◆ WORK INSTRUCTION ◆
Of the entries below, restate word for word only the section that runs from the line with "#11=(NAMED_UNIT(*) PLANE_ANGLE_UNIT() SI_UNIT($,.RADIAN.));" to the line with "#41=VERTEX_POINT('',#40);", counting both ends.

Dataset items:
....................

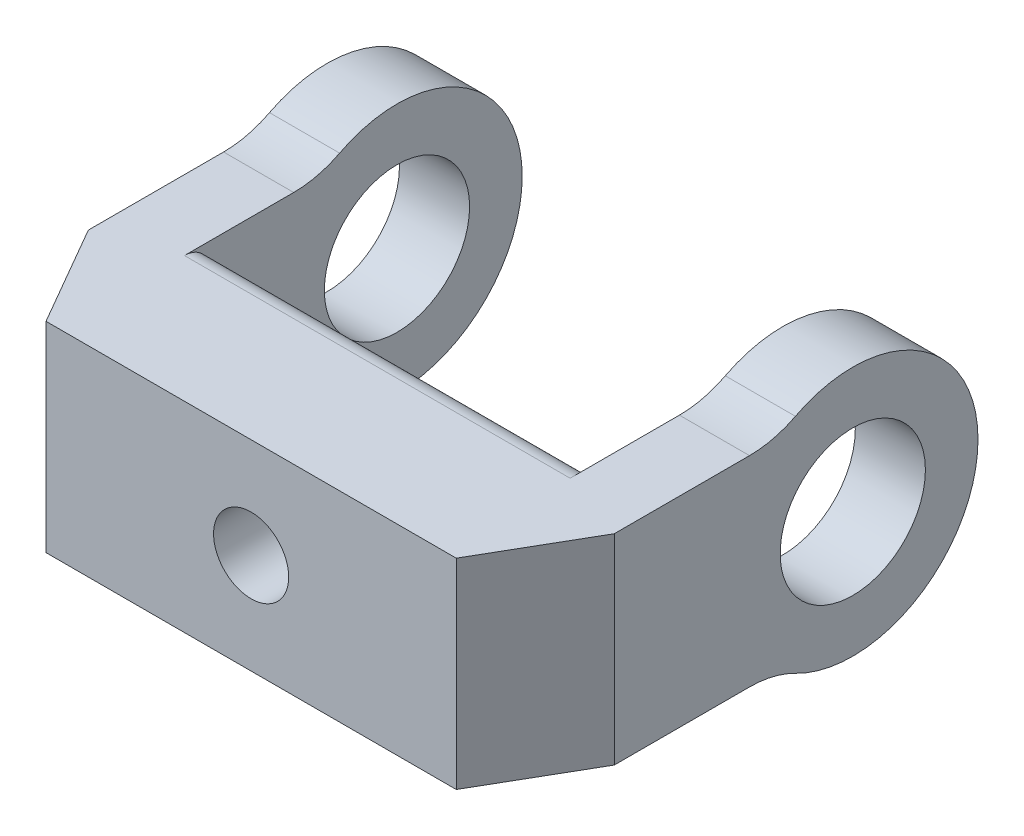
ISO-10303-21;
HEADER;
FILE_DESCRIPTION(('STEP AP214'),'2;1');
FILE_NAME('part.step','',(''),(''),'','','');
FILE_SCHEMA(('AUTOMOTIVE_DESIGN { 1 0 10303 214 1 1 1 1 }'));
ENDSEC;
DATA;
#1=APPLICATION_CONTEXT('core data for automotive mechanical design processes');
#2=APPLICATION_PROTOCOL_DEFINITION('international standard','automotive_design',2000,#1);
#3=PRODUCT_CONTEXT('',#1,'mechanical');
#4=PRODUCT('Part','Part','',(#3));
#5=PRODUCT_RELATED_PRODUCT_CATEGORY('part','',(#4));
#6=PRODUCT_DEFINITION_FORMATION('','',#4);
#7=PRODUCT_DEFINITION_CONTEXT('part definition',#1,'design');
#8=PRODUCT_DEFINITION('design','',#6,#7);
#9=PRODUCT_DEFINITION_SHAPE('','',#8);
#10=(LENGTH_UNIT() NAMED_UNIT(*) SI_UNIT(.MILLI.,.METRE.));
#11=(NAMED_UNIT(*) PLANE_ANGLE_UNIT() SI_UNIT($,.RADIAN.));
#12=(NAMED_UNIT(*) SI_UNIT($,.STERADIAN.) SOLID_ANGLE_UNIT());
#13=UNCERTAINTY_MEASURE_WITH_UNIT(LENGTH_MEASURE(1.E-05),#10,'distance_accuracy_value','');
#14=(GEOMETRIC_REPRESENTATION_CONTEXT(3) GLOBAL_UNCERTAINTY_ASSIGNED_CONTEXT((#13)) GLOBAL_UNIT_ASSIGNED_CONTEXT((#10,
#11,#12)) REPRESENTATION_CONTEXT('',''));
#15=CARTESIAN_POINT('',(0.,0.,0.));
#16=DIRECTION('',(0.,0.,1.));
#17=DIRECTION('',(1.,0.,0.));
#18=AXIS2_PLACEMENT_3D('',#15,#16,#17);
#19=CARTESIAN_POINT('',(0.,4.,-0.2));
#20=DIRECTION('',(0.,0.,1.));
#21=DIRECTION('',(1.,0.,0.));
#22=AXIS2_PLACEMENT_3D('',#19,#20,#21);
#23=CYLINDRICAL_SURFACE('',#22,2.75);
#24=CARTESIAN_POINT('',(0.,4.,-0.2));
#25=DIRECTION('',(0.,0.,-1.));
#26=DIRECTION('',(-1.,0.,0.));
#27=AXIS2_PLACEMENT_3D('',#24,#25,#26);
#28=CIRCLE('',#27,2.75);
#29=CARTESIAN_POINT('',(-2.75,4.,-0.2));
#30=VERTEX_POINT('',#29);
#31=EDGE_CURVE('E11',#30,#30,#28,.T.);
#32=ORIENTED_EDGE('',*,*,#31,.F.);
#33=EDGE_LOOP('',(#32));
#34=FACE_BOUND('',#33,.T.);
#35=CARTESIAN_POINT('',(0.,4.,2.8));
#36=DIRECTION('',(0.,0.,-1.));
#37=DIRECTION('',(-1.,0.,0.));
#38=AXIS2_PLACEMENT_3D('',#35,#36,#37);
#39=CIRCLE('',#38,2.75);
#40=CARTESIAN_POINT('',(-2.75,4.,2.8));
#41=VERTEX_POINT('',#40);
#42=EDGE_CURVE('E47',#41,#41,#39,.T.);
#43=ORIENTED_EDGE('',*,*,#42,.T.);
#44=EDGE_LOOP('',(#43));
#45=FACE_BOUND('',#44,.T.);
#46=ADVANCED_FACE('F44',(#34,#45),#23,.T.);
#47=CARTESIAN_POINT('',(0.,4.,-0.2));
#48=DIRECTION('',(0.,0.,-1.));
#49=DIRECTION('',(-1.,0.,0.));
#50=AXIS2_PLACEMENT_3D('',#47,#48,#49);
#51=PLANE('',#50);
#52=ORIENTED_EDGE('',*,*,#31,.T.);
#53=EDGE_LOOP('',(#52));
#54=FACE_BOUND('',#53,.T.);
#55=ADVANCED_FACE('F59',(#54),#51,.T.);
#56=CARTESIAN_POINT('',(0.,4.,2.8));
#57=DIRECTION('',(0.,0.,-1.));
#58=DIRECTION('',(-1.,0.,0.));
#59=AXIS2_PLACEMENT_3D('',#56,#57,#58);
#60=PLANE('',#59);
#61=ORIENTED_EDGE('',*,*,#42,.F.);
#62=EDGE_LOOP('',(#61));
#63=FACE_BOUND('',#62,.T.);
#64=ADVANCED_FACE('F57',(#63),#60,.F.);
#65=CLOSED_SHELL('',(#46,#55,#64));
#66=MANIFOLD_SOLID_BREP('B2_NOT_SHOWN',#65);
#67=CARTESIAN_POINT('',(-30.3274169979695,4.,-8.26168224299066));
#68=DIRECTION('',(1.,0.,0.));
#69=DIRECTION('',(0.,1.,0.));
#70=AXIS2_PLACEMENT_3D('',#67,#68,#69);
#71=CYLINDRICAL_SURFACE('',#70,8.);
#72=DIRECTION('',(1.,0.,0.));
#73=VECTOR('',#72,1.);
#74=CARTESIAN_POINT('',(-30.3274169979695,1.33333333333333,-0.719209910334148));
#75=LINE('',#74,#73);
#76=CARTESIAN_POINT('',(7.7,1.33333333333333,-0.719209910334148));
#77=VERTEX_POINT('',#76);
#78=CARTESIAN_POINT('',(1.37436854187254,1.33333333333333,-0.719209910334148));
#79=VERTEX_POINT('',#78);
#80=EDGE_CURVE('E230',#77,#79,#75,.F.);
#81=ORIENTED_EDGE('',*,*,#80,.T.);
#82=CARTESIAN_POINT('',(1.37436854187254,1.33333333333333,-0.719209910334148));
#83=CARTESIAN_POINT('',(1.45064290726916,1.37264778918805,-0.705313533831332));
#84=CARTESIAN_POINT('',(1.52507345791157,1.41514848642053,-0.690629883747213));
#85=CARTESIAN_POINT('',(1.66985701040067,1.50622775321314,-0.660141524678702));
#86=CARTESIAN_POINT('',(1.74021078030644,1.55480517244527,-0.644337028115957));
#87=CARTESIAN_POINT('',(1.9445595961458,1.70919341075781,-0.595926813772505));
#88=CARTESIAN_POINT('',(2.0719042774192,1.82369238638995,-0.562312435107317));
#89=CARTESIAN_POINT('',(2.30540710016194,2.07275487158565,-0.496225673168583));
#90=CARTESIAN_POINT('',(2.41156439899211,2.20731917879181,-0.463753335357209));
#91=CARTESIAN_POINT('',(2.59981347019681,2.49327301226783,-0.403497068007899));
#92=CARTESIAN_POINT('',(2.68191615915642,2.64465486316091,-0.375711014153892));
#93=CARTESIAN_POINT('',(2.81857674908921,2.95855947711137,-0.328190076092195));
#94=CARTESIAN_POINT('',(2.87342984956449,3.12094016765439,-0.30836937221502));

....................

◆ WRITTEN SOLUTION ◆
#11=(NAMED_UNIT(*) PLANE_ANGLE_UNIT() SI_UNIT($,.RADIAN.));
#12=(NAMED_UNIT(*) SI_UNIT($,.STERADIAN.) SOLID_ANGLE_UNIT());
#13=UNCERTAINTY_MEASURE_WITH_UNIT(LENGTH_MEASURE(1.E-05),#10,'distance_accuracy_value','');
#14=(GEOMETRIC_REPRESENTATION_CONTEXT(3) GLOBAL_UNCERTAINTY_ASSIGNED_CONTEXT((#13)) GLOBAL_UNIT_ASSIGNED_CONTEXT((#10,
#11,#12)) REPRESENTATION_CONTEXT('',''));
#15=CARTESIAN_POINT('',(0.,0.,0.));
#16=DIRECTION('',(0.,0.,1.));
#17=DIRECTION('',(1.,0.,0.));
#18=AXIS2_PLACEMENT_3D('',#15,#16,#17);
#19=CARTESIAN_POINT('',(0.,4.,-0.2));
#20=DIRECTION('',(0.,0.,1.));
#21=DIRECTION('',(1.,0.,0.));
#22=AXIS2_PLACEMENT_3D('',#19,#20,#21);
#23=CYLINDRICAL_SURFACE('',#22,2.75);
#24=CARTESIAN_POINT('',(0.,4.,-0.2));
#25=DIRECTION('',(0.,0.,-1.));
#26=DIRECTION('',(-1.,0.,0.));
#27=AXIS2_PLACEMENT_3D('',#24,#25,#26);
#28=CIRCLE('',#27,2.75);
#29=CARTESIAN_POINT('',(-2.75,4.,-0.2));
#30=VERTEX_POINT('',#29);
#31=EDGE_CURVE('E11',#30,#30,#28,.T.);
#32=ORIENTED_EDGE('',*,*,#31,.F.);
#33=EDGE_LOOP('',(#32));
#34=FACE_BOUND('',#33,.T.);
#35=CARTESIAN_POINT('',(0.,4.,2.8));
#36=DIRECTION('',(0.,0.,-1.));
#37=DIRECTION('',(-1.,0.,0.));
#38=AXIS2_PLACEMENT_3D('',#35,#36,#37);
#39=CIRCLE('',#38,2.75);
#40=CARTESIAN_POINT('',(-2.75,4.,2.8));
#41=VERTEX_POINT('',#40);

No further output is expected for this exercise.